**Brief**. Take the material below and reproduce, word for word, only the lines from the line with "#216=VERTEX_POINT('',#215);" through the line with "#257=DIRECTION('',(0.,0.,-1.));".

::: Information supplied

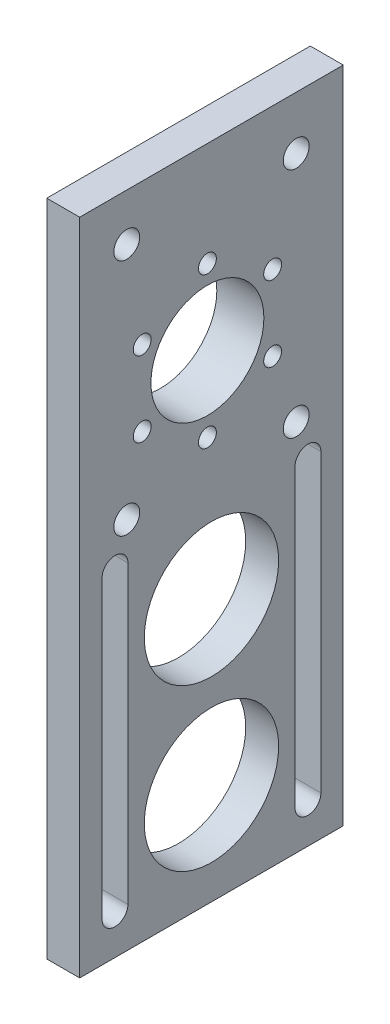
ISO-10303-21;
HEADER;
FILE_DESCRIPTION(('STEP AP214'),'2;1');
FILE_NAME('part.step','',(''),(''),'','','');
FILE_SCHEMA(('AUTOMOTIVE_DESIGN { 1 0 10303 214 1 1 1 1 }'));
ENDSEC;
DATA;
#1=APPLICATION_CONTEXT('core data for automotive mechanical design processes');
#2=APPLICATION_PROTOCOL_DEFINITION('international standard','automotive_design',2000,#1);
#3=PRODUCT_CONTEXT('',#1,'mechanical');
#4=PRODUCT('Part','Part','',(#3));
#5=PRODUCT_RELATED_PRODUCT_CATEGORY('part','',(#4));
#6=PRODUCT_DEFINITION_FORMATION('','',#4);
#7=PRODUCT_DEFINITION_CONTEXT('part definition',#1,'design');
#8=PRODUCT_DEFINITION('design','',#6,#7);
#9=PRODUCT_DEFINITION_SHAPE('','',#8);
#10=(LENGTH_UNIT() NAMED_UNIT(*) SI_UNIT(.MILLI.,.METRE.));
#11=(NAMED_UNIT(*) PLANE_ANGLE_UNIT() SI_UNIT($,.RADIAN.));
#12=(NAMED_UNIT(*) SI_UNIT($,.STERADIAN.) SOLID_ANGLE_UNIT());
#13=UNCERTAINTY_MEASURE_WITH_UNIT(LENGTH_MEASURE(1.E-05),#10,'distance_accuracy_value','');
#14=(GEOMETRIC_REPRESENTATION_CONTEXT(3) GLOBAL_UNCERTAINTY_ASSIGNED_CONTEXT((#13)) GLOBAL_UNIT_ASSIGNED_CONTEXT((#10,
#11,#12)) REPRESENTATION_CONTEXT('',''));
#15=CARTESIAN_POINT('',(0.,0.,0.));
#16=DIRECTION('',(0.,0.,1.));
#17=DIRECTION('',(1.,0.,0.));
#18=AXIS2_PLACEMENT_3D('',#15,#16,#17);
#19=CARTESIAN_POINT('',(7.,0.,0.));
#20=DIRECTION('',(0.,0.,-1.));
#21=DIRECTION('',(-1.,0.,0.));
#22=AXIS2_PLACEMENT_3D('',#19,#20,#21);
#23=PLANE('',#22);
#24=DIRECTION('',(0.,-1.,0.));
#25=VECTOR('',#24,1.);
#26=CARTESIAN_POINT('',(0.,0.,0.));
#27=LINE('',#26,#25);
#28=CARTESIAN_POINT('',(0.,140.,0.));
#29=VERTEX_POINT('',#28);
#30=CARTESIAN_POINT('',(0.,0.,0.));
#31=VERTEX_POINT('',#30);
#32=EDGE_CURVE('E277',#29,#31,#27,.T.);
#33=ORIENTED_EDGE('',*,*,#32,.T.);
#34=DIRECTION('',(-1.,0.,0.));
#35=VECTOR('',#34,1.);
#36=CARTESIAN_POINT('',(7.,0.,0.));
#37=LINE('',#36,#35);
#38=CARTESIAN_POINT('',(7.,0.,0.));
#39=VERTEX_POINT('',#38);
#40=EDGE_CURVE('E11',#39,#31,#37,.T.);
#41=ORIENTED_EDGE('',*,*,#40,.F.);
#42=DIRECTION('',(0.,-1.,0.));
#43=VECTOR('',#42,1.);
#44=CARTESIAN_POINT('',(7.,0.,0.));
#45=LINE('',#44,#43);
#46=CARTESIAN_POINT('',(7.,140.,0.));
#47=VERTEX_POINT('',#46);
#48=EDGE_CURVE('E309',#47,#39,#45,.T.);
#49=ORIENTED_EDGE('',*,*,#48,.F.);
#50=DIRECTION('',(-1.,0.,0.));
#51=VECTOR('',#50,1.);
#52=CARTESIAN_POINT('',(7.,140.,0.));
#53=LINE('',#52,#51);
#54=EDGE_CURVE('E318',#47,#29,#53,.T.);
#55=ORIENTED_EDGE('',*,*,#54,.T.);
#56=EDGE_LOOP('',(#33,#41,#49,#55));
#57=FACE_BOUND('',#56,.T.);
#58=ADVANCED_FACE('F39',(#57),#23,.F.);
#59=CARTESIAN_POINT('',(7.,0.,0.));
#60=DIRECTION('',(0.,1.,0.));
#61=DIRECTION('',(0.,0.,1.));
#62=AXIS2_PLACEMENT_3D('',#59,#60,#61);
#63=PLANE('',#62);
#64=DIRECTION('',(0.,0.,-1.));
#65=VECTOR('',#64,1.);
#66=CARTESIAN_POINT('',(0.,0.,0.));
#67=LINE('',#66,#65);
#68=CARTESIAN_POINT('',(0.,0.,-56.));
#69=VERTEX_POINT('',#68);
#70=EDGE_CURVE('E325',#31,#69,#67,.T.);
#71=ORIENTED_EDGE('',*,*,#70,.T.);
#72=DIRECTION('',(-1.,0.,0.));
#73=VECTOR('',#72,1.);
#74=CARTESIAN_POINT('',(7.,0.,-56.));
#75=LINE('',#74,#73);
#76=CARTESIAN_POINT('',(7.,0.,-56.));
#77=VERTEX_POINT('',#76);
#78=EDGE_CURVE('E46',#77,#69,#75,.T.);
#79=ORIENTED_EDGE('',*,*,#78,.F.);
#80=DIRECTION('',(0.,0.,-1.));
#81=VECTOR('',#80,1.);
#82=CARTESIAN_POINT('',(7.,0.,0.));
#83=LINE('',#82,#81);
#84=EDGE_CURVE('E312',#39,#77,#83,.T.);
#85=ORIENTED_EDGE('',*,*,#84,.F.);
#86=ORIENTED_EDGE('',*,*,#40,.T.);
#87=EDGE_LOOP('',(#71,#79,#85,#86));
#88=FACE_BOUND('',#87,.T.);
#89=ADVANCED_FACE('F352',(#88),#63,.F.);
#90=CARTESIAN_POINT('',(7.,0.,-56.));
#91=DIRECTION('',(0.,0.,1.));
#92=DIRECTION('',(1.,0.,0.));
#93=AXIS2_PLACEMENT_3D('',#90,#91,#92);
#94=PLANE('',#93);
#95=DIRECTION('',(0.,1.,0.));
#96=VECTOR('',#95,1.);
#97=CARTESIAN_POINT('',(0.,0.,-56.));
#98=LINE('',#97,#96);
#99=CARTESIAN_POINT('',(0.,140.,-56.));
#100=VERTEX_POINT('',#99);
#101=EDGE_CURVE('E322',#69,#100,#98,.T.);
#102=ORIENTED_EDGE('',*,*,#101,.T.);
#103=DIRECTION('',(-1.,0.,0.));
#104=VECTOR('',#103,1.);
#105=CARTESIAN_POINT('',(7.,140.,-56.));
#106=LINE('',#105,#104);
#107=CARTESIAN_POINT('',(7.,140.,-56.));
#108=VERTEX_POINT('',#107);
#109=EDGE_CURVE('E329',#108,#100,#106,.T.);
#110=ORIENTED_EDGE('',*,*,#109,.F.);
#111=DIRECTION('',(0.,1.,0.));
#112=VECTOR('',#111,1.);
#113=CARTESIAN_POINT('',(7.,0.,-56.));
#114=LINE('',#113,#112);
#115=EDGE_CURVE('E317',#77,#108,#114,.T.);
#116=ORIENTED_EDGE('',*,*,#115,.F.);
#117=ORIENTED_EDGE('',*,*,#78,.T.);
#118=EDGE_LOOP('',(#102,#110,#116,#117));
#119=FACE_BOUND('',#118,.T.);
#120=ADVANCED_FACE('F340',(#119),#94,.F.);
#121=CARTESIAN_POINT('',(7.,140.,0.));
#122=DIRECTION('',(0.,-1.,0.));
#123=DIRECTION('',(0.,0.,-1.));
#124=AXIS2_PLACEMENT_3D('',#121,#122,#123);
#125=PLANE('',#124);
#126=DIRECTION('',(0.,0.,1.));
#127=VECTOR('',#126,1.);
#128=CARTESIAN_POINT('',(0.,140.,0.));
#129=LINE('',#128,#127);
#130=EDGE_CURVE('E313',#100,#29,#129,.T.);
#131=ORIENTED_EDGE('',*,*,#130,.T.);
#132=ORIENTED_EDGE('',*,*,#54,.F.);
#133=DIRECTION('',(0.,0.,1.));
#134=VECTOR('',#133,1.);
#135=CARTESIAN_POINT('',(7.,140.,0.));
#136=LINE('',#135,#134);
#137=EDGE_CURVE('E319',#108,#47,#136,.T.);
#138=ORIENTED_EDGE('',*,*,#137,.F.);
#139=ORIENTED_EDGE('',*,*,#109,.T.);
#140=EDGE_LOOP('',(#131,#132,#138,#139));
#141=FACE_BOUND('',#140,.T.);
#142=ADVANCED_FACE('F346',(#141),#125,.F.);
#143=CARTESIAN_POINT('',(7.,0.,0.));
#144=DIRECTION('',(-1.,0.,0.));
#145=DIRECTION('',(0.,0.,1.));
#146=AXIS2_PLACEMENT_3D('',#143,#144,#145);
#147=PLANE('',#146);
#148=CARTESIAN_POINT('',(7.,79.3508193965806,-10.));
#149=DIRECTION('',(1.,0.,0.));
#150=DIRECTION('',(0.,0.,-1.));
#151=AXIS2_PLACEMENT_3D('',#148,#149,#150);
#152=CIRCLE('',#151,2.75);
#153=CARTESIAN_POINT('',(7.,79.3508193965806,-12.75));
#154=VERTEX_POINT('',#153);
#155=EDGE_CURVE('E187',#154,#154,#152,.T.);
#156=ORIENTED_EDGE('',*,*,#155,.F.);
#157=EDGE_LOOP('',(#156));
#158=FACE_BOUND('',#157,.T.);
#159=CARTESIAN_POINT('',(7.,79.3508193965806,-46.));
#160=DIRECTION('',(1.,0.,0.));
#161=DIRECTION('',(0.,0.,-1.));
#162=AXIS2_PLACEMENT_3D('',#159,#160,#161);
#163=CIRCLE('',#162,2.75);
#164=CARTESIAN_POINT('',(7.,79.3508193965806,-48.75));
#165=VERTEX_POINT('',#164);
#166=EDGE_CURVE('E197',#165,#165,#163,.T.);
#167=ORIENTED_EDGE('',*,*,#166,.F.);
#168=EDGE_LOOP('',(#167));
#169=FACE_BOUND('',#168,.T.);
#170=CARTESIAN_POINT('',(7.,128.741828228234,-46.));
#171=DIRECTION('',(1.,0.,0.));
#172=DIRECTION('',(0.,0.,-1.));
#173=AXIS2_PLACEMENT_3D('',#170,#171,#172);
#174=CIRCLE('',#173,2.75);
#175=CARTESIAN_POINT('',(7.,128.741828228234,-48.75));
#176=VERTEX_POINT('',#175);
#177=EDGE_CURVE('E191',#176,#176,#174,.T.);
#178=ORIENTED_EDGE('',*,*,#177,.F.);
#179=EDGE_LOOP('',(#178));
#180=FACE_BOUND('',#179,.T.);
#181=CARTESIAN_POINT('',(7.,130.,-10.));
#182=DIRECTION('',(1.,0.,0.));
#183=DIRECTION('',(0.,0.,-1.));
#184=AXIS2_PLACEMENT_3D('',#181,#182,#183);
#185=CIRCLE('',#184,2.75);
#186=CARTESIAN_POINT('',(7.,130.,-12.75));
#187=VERTEX_POINT('',#186);
#188=EDGE_CURVE('E192',#187,#187,#185,.T.);
#189=ORIENTED_EDGE('',*,*,#188,.F.);
#190=EDGE_LOOP('',(#189));
#191=FACE_BOUND('',#190,.T.);
#192=DIRECTION('',(0.,-1.,0.));
#193=VECTOR('',#192,1.);
#194=CARTESIAN_POINT('',(7.,71.2448174184033,-4.75));
#195=LINE('',#194,#193);
#196=CARTESIAN_POINT('',(7.,71.2448174184033,-4.75));
#197=VERTEX_POINT('',#196);
#198=CARTESIAN_POINT('',(7.,8.43498525922826,-4.75000000000001));
#199=VERTEX_POINT('',#198);
#200=EDGE_CURVE('E230',#197,#199,#195,.T.);
#201=ORIENTED_EDGE('',*,*,#200,.F.);
#202=CARTESIAN_POINT('',(7.,71.2448174184033,-7.5));
#203=DIRECTION('',(1.,0.,0.));
#204=DIRECTION('',(0.,0.,-1.));
#205=AXIS2_PLACEMENT_3D('',#202,#203,#204);
#206=CIRCLE('',#205,2.75);
#207=CARTESIAN_POINT('',(7.,71.2448174184033,-10.25));
#208=VERTEX_POINT('',#207);
#209=EDGE_CURVE('E227',#208,#197,#206,.T.);
#210=ORIENTED_EDGE('',*,*,#209,.F.);
#211=DIRECTION('',(0.,1.,0.));
#212=VECTOR('',#211,1.);
#213=CARTESIAN_POINT('',(7.,71.2448174184033,-10.25));
#214=LINE('',#213,#212);
#215=CARTESIAN_POINT('',(7.,8.43498525922826,-10.25));
#216=VERTEX_POINT('',#215);
#217=EDGE_CURVE('E220',#216,#208,#214,.T.);
#218=ORIENTED_EDGE('',*,*,#217,.F.);
#219=CARTESIAN_POINT('',(7.,8.43498525922826,-7.50000000000001));
#220=DIRECTION('',(1.,0.,0.));
#221=DIRECTION('',(0.,0.,-1.));
#222=AXIS2_PLACEMENT_3D('',#219,#220,#221);
#223=CIRCLE('',#222,2.75);
#224=EDGE_CURVE('E231',#199,#216,#223,.T.);
#225=ORIENTED_EDGE('',*,*,#224,.F.);
#226=EDGE_LOOP('',(#201,#210,#218,#225));
#227=FACE_BOUND('',#226,.T.);
#228=DIRECTION('',(0.,1.,0.));
#229=VECTOR('',#228,1.);
#230=CARTESIAN_POINT('',(7.,8.43498525922826,-51.25));
#231=LINE('',#230,#229);
#232=CARTESIAN_POINT('',(7.,8.43498525922826,-51.25));
#233=VERTEX_POINT('',#232);
#234=CARTESIAN_POINT('',(7.,71.2448174184033,-51.25));
#235=VERTEX_POINT('',#234);
#236=EDGE_CURVE('E263',#233,#235,#231,.T.);
#237=ORIENTED_EDGE('',*,*,#236,.F.);
#238=CARTESIAN_POINT('',(7.,8.43498525922826,-48.5));
#239=DIRECTION('',(1.,0.,0.));
#240=DIRECTION('',(0.,0.,-1.));
#241=AXIS2_PLACEMENT_3D('',#238,#239,#240);
#242=CIRCLE('',#241,2.75);
#243=CARTESIAN_POINT('',(7.,8.43498525922826,-45.75));
#244=VERTEX_POINT('',#243);
#245=EDGE_CURVE('E229',#244,#233,#242,.T.);
#246=ORIENTED_EDGE('',*,*,#245,.F.);
#247=DIRECTION('',(0.,-1.,0.));
#248=VECTOR('',#247,1.);
#249=CARTESIAN_POINT('',(7.,8.43498525922826,-45.75));
#250=LINE('',#249,#248);
#251=CARTESIAN_POINT('',(7.,71.2448174184033,-45.75));
#252=VERTEX_POINT('',#251);
#253=EDGE_CURVE('E259',#252,#244,#250,.T.);
#254=ORIENTED_EDGE('',*,*,#253,.F.);
#255=CARTESIAN_POINT('',(7.,71.2448174184033,-48.5));
#256=DIRECTION('',(1.,0.,0.));
#257=DIRECTION('',(0.,0.,-1.));
#258=AXIS2_PLACEMENT_3D('',#255,#256,#257);
#259=CIRCLE('',#258,2.75);
#260=EDGE_CURVE('E258',#235,#252,#259,.T.);
#261=ORIENTED_EDGE('',*,*,#260,.F.);
#262=EDGE_LOOP('',(#237,#246,#254,#261));
#263=FACE_BOUND('',#262,.T.);
#264=CARTESIAN_POINT('',(7.,21.5162892782246,-28.));
#265=DIRECTION('',(1.,0.,0.));
#266=DIRECTION('',(0.,0.,-1.));
#267=AXIS2_PLACEMENT_3D('',#264,#265,#266);
#268=CIRCLE('',#267,14.275);
#269=CARTESIAN_POINT('',(7.,21.5162892782246,-42.275));
#270=VERTEX_POINT('',#269);
#271=EDGE_CURVE('E281',#270,#270,#268,.T.);
#272=ORIENTED_EDGE('',*,*,#271,.F.);
#273=EDGE_LOOP('',(#272));
#274=FACE_BOUND('',#273,.T.);
#275=CARTESIAN_POINT('',(7.,109.914121240524,-13.2812153855492));
#276=DIRECTION('',(1.,0.,0.));
#277=DIRECTION('',(0.,0.,-1.));
#278=AXIS2_PLACEMENT_3D('',#275,#276,#277);
#279=CIRCLE('',#278,1.9);
#280=CARTESIAN_POINT('',(7.,109.914121240524,-15.1812153855492));
#281=VERTEX_POINT('',#280);
#282=EDGE_CURVE('E293',#281,#281,#279,.T.);
#283=ORIENTED_EDGE('',*,*,#282,.F.);
#284=EDGE_LOOP('',(#283));
#285=FACE_BOUND('',#284,.T.);
#286=CARTESIAN_POINT('',(7.,93.9141212405243,-40.9940283066512));
#287=DIRECTION('',(1.,0.,0.));
#288=DIRECTION('',(0.,0.,-1.));
#289=AXIS2_PLACEMENT_3D('',#286,#287,#288);
#290=CIRCLE('',#289,1.9);
#291=CARTESIAN_POINT('',(7.,93.9141212405243,-42.8940283066512));
#292=VERTEX_POINT('',#291);
#293=EDGE_CURVE('E287',#292,#292,#290,.T.);
#294=ORIENTED_EDGE('',*,*,#293,.F.);
#295=EDGE_LOOP('',(#294));
#296=FACE_BOUND('',#295,.T.);
#297=CARTESIAN_POINT('',(7.,85.9141212405242,-27.1376218461002));
#298=DIRECTION('',(1.,0.,0.));
#299=DIRECTION('',(0.,0.,-1.));
#300=AXIS2_PLACEMENT_3D('',#297,#298,#299);
#301=CIRCLE('',#300,1.9);
#302=CARTESIAN_POINT('',(7.,85.9141212405242,-29.0376218461002));
#303=VERTEX_POINT('',#302);
#304=EDGE_CURVE('E284',#303,#303,#301,.T.);
#305=ORIENTED_EDGE('',*,*,#304,.F.);
#306=EDGE_LOOP('',(#305));
#307=FACE_BOUND('',#306,.T.);
#308=CARTESIAN_POINT('',(7.,93.9141212405243,-13.2812153855491));
#309=DIRECTION('',(1.,0.,0.));
#310=DIRECTION('',(0.,0.,-1.));
#311=AXIS2_PLACEMENT_3D('',#308,#309,#310);
#312=CIRCLE('',#311,1.9);
#313=CARTESIAN_POINT('',(7.,93.9141212405243,-15.1812153855491));
#314=VERTEX_POINT('',#313);
#315=EDGE_CURVE('E239',#314,#314,#312,.T.);
#316=ORIENTED_EDGE('',*,*,#315,.F.);
#317=EDGE_LOOP('',(#316));
#318=FACE_BOUND('',#317,.T.);
#319=CARTESIAN_POINT('',(7.,55.7275984769063,-28.));
#320=DIRECTION('',(1.,0.,0.));
#321=DIRECTION('',(0.,0.,-1.));
#322=AXIS2_PLACEMENT_3D('',#319,#320,#321);
#323=CIRCLE('',#322,14.275);
#324=CARTESIAN_POINT('',(7.,55.7275984769063,-42.275));
#325=VERTEX_POINT('',#324);
#326=EDGE_CURVE('E282',#325,#325,#323,.T.);
#327=ORIENTED_EDGE('',*,*,#326,.F.);
#328=EDGE_LOOP('',(#327));
#329=FACE_BOUND('',#328,.T.);
#330=CARTESIAN_POINT('',(7.,101.914121240524,-27.1376218461001));
#331=DIRECTION('',(1.,0.,0.));
#332=DIRECTION('',(0.,0.,-1.));
#333=AXIS2_PLACEMENT_3D('',#330,#331,#332);
#334=CIRCLE('',#333,12.);
#335=CARTESIAN_POINT('',(7.,101.914121240524,-39.1376218461001));
#336=VERTEX_POINT('',#335);
#337=EDGE_CURVE('E297',#336,#336,#334,.T.);
#338=ORIENTED_EDGE('',*,*,#337,.F.);
#339=EDGE_LOOP('',(#338));
#340=FACE_BOUND('',#339,.T.);
#341=CARTESIAN_POINT('',(7.,109.914121240524,-40.9940283066512));
#342=DIRECTION('',(1.,0.,0.));
#343=DIRECTION('',(0.,0.,-1.));
#344=AXIS2_PLACEMENT_3D('',#341,#342,#343);
#345=CIRCLE('',#344,1.9);
#346=CARTESIAN_POINT('',(7.,109.914121240524,-42.8940283066512));
#347=VERTEX_POINT('',#346);
#348=EDGE_CURVE('E300',#347,#347,#345,.T.);
#349=ORIENTED_EDGE('',*,*,#348,.F.);
#350=EDGE_LOOP('',(#349));
#351=FACE_BOUND('',#350,.T.);
#352=CARTESIAN_POINT('',(7.,117.914121240524,-27.1376218461002));
#353=DIRECTION('',(1.,0.,0.));
#354=DIRECTION('',(0.,0.,-1.));
#355=AXIS2_PLACEMENT_3D('',#352,#353,#354);
#356=CIRCLE('',#355,1.9);
#357=CARTESIAN_POINT('',(7.,117.914121240524,-29.0376218461002));
#358=VERTEX_POINT('',#357);
#359=EDGE_CURVE('E295',#358,#358,#356,.T.);
#360=ORIENTED_EDGE('',*,*,#359,.F.);
#361=EDGE_LOOP('',(#360));
#362=FACE_BOUND('',#361,.T.);
#363=ORIENTED_EDGE('',*,*,#48,.T.);
#364=ORIENTED_EDGE('',*,*,#84,.T.);
#365=ORIENTED_EDGE('',*,*,#115,.T.);
#366=ORIENTED_EDGE('',*,*,#137,.T.);
#367=EDGE_LOOP('',(#363,#364,#365,#366));
#368=FACE_BOUND('',#367,.T.);
#369=ADVANCED_FACE('F354',(#158,#169,#180,#191,#227,#263,#274,#285,#296,#307,#318,#329,#340,
#351,#362,#368),#147,.F.);
#370=CARTESIAN_POINT('',(0.,0.,0.));
#371=DIRECTION('',(-1.,0.,0.));
#372=DIRECTION('',(0.,0.,1.));
#373=AXIS2_PLACEMENT_3D('',#370,#371,#372);
#374=PLANE('',#373);
#375=DIRECTION('',(0.,0.999916383960929,0.0129315539089404));
#376=VECTOR('',#375,1.);
#377=CARTESIAN_POINT('',(0.,92.25013910741,-10.8880838921783));
#378=LINE('',#377,#376);
#379=CARTESIAN_POINT('',(0.,92.25013910741,-10.8880838921783));
#380=VERTEX_POINT('',#379);
#381=CARTESIAN_POINT('',(0.,111.154642841823,-10.6435988401433));
#382=VERTEX_POINT('',#381);
#383=EDGE_CURVE('E52',#380,#382,#378,.T.);
#384=ORIENTED_EDGE('',*,*,#383,.F.);
#385=DIRECTION('',(0.,0.488759137784914,0.87241876712491));
#386=VECTOR('',#385,1.);
#387=CARTESIAN_POINT('',(0.,83.0096175061114,-27.3821068981352));
#388=LINE('',#387,#386);
#389=CARTESIAN_POINT('',(0.,83.0096175061114,-27.3821068981352));
#390=VERTEX_POINT('',#389);
#391=EDGE_CURVE('E60',#390,#380,#388,.T.);
#392=ORIENTED_EDGE('',*,*,#391,.F.);
#393=DIRECTION('',(0.,-0.511157246176016,0.859487213215969));
#394=VECTOR('',#393,1.);
#395=CARTESIAN_POINT('',(0.,92.6735996392257,-43.6316448520569));
#396=LINE('',#395,#394);
#397=CARTESIAN_POINT('',(0.,92.6735996392257,-43.6316448520569));
#398=VERTEX_POINT('',#397);
#399=EDGE_CURVE('E524',#398,#390,#396,.T.);
#400=ORIENTED_EDGE('',*,*,#399,.F.);
#401=DIRECTION('',(0.,-0.999916383960929,-0.0129315539089398));
#402=VECTOR('',#401,1.);
#403=CARTESIAN_POINT('',(0.,111.578103373639,-43.387159800022));
#404=LINE('',#403,#402);
#405=CARTESIAN_POINT('',(0.,111.578103373639,-43.387159800022));
#406=VERTEX_POINT('',#405);
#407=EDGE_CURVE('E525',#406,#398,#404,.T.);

::::::

**Exercise solution**.
#216=VERTEX_POINT('',#215);
#217=EDGE_CURVE('E220',#216,#208,#214,.T.);
#218=ORIENTED_EDGE('',*,*,#217,.F.);
#219=CARTESIAN_POINT('',(7.,8.43498525922826,-7.50000000000001));
#220=DIRECTION('',(1.,0.,0.));
#221=DIRECTION('',(0.,0.,-1.));
#222=AXIS2_PLACEMENT_3D('',#219,#220,#221);
#223=CIRCLE('',#222,2.75);
#224=EDGE_CURVE('E231',#199,#216,#223,.T.);
#225=ORIENTED_EDGE('',*,*,#224,.F.);
#226=EDGE_LOOP('',(#201,#210,#218,#225));
#227=FACE_BOUND('',#226,.T.);
#228=DIRECTION('',(0.,1.,0.));
#229=VECTOR('',#228,1.);
#230=CARTESIAN_POINT('',(7.,8.43498525922826,-51.25));
#231=LINE('',#230,#229);
#232=CARTESIAN_POINT('',(7.,8.43498525922826,-51.25));
#233=VERTEX_POINT('',#232);
#234=CARTESIAN_POINT('',(7.,71.2448174184033,-51.25));
#235=VERTEX_POINT('',#234);
#236=EDGE_CURVE('E263',#233,#235,#231,.T.);
#237=ORIENTED_EDGE('',*,*,#236,.F.);
#238=CARTESIAN_POINT('',(7.,8.43498525922826,-48.5));
#239=DIRECTION('',(1.,0.,0.));
#240=DIRECTION('',(0.,0.,-1.));
#241=AXIS2_PLACEMENT_3D('',#238,#239,#240);
#242=CIRCLE('',#241,2.75);
#243=CARTESIAN_POINT('',(7.,8.43498525922826,-45.75));
#244=VERTEX_POINT('',#243);
#245=EDGE_CURVE('E229',#244,#233,#242,.T.);
#246=ORIENTED_EDGE('',*,*,#245,.F.);
#247=DIRECTION('',(0.,-1.,0.));
#248=VECTOR('',#247,1.);
#249=CARTESIAN_POINT('',(7.,8.43498525922826,-45.75));
#250=LINE('',#249,#248);
#251=CARTESIAN_POINT('',(7.,71.2448174184033,-45.75));
#252=VERTEX_POINT('',#251);
#253=EDGE_CURVE('E259',#252,#244,#250,.T.);
#254=ORIENTED_EDGE('',*,*,#253,.F.);
#255=CARTESIAN_POINT('',(7.,71.2448174184033,-48.5));
#256=DIRECTION('',(1.,0.,0.));
#257=DIRECTION('',(0.,0.,-1.));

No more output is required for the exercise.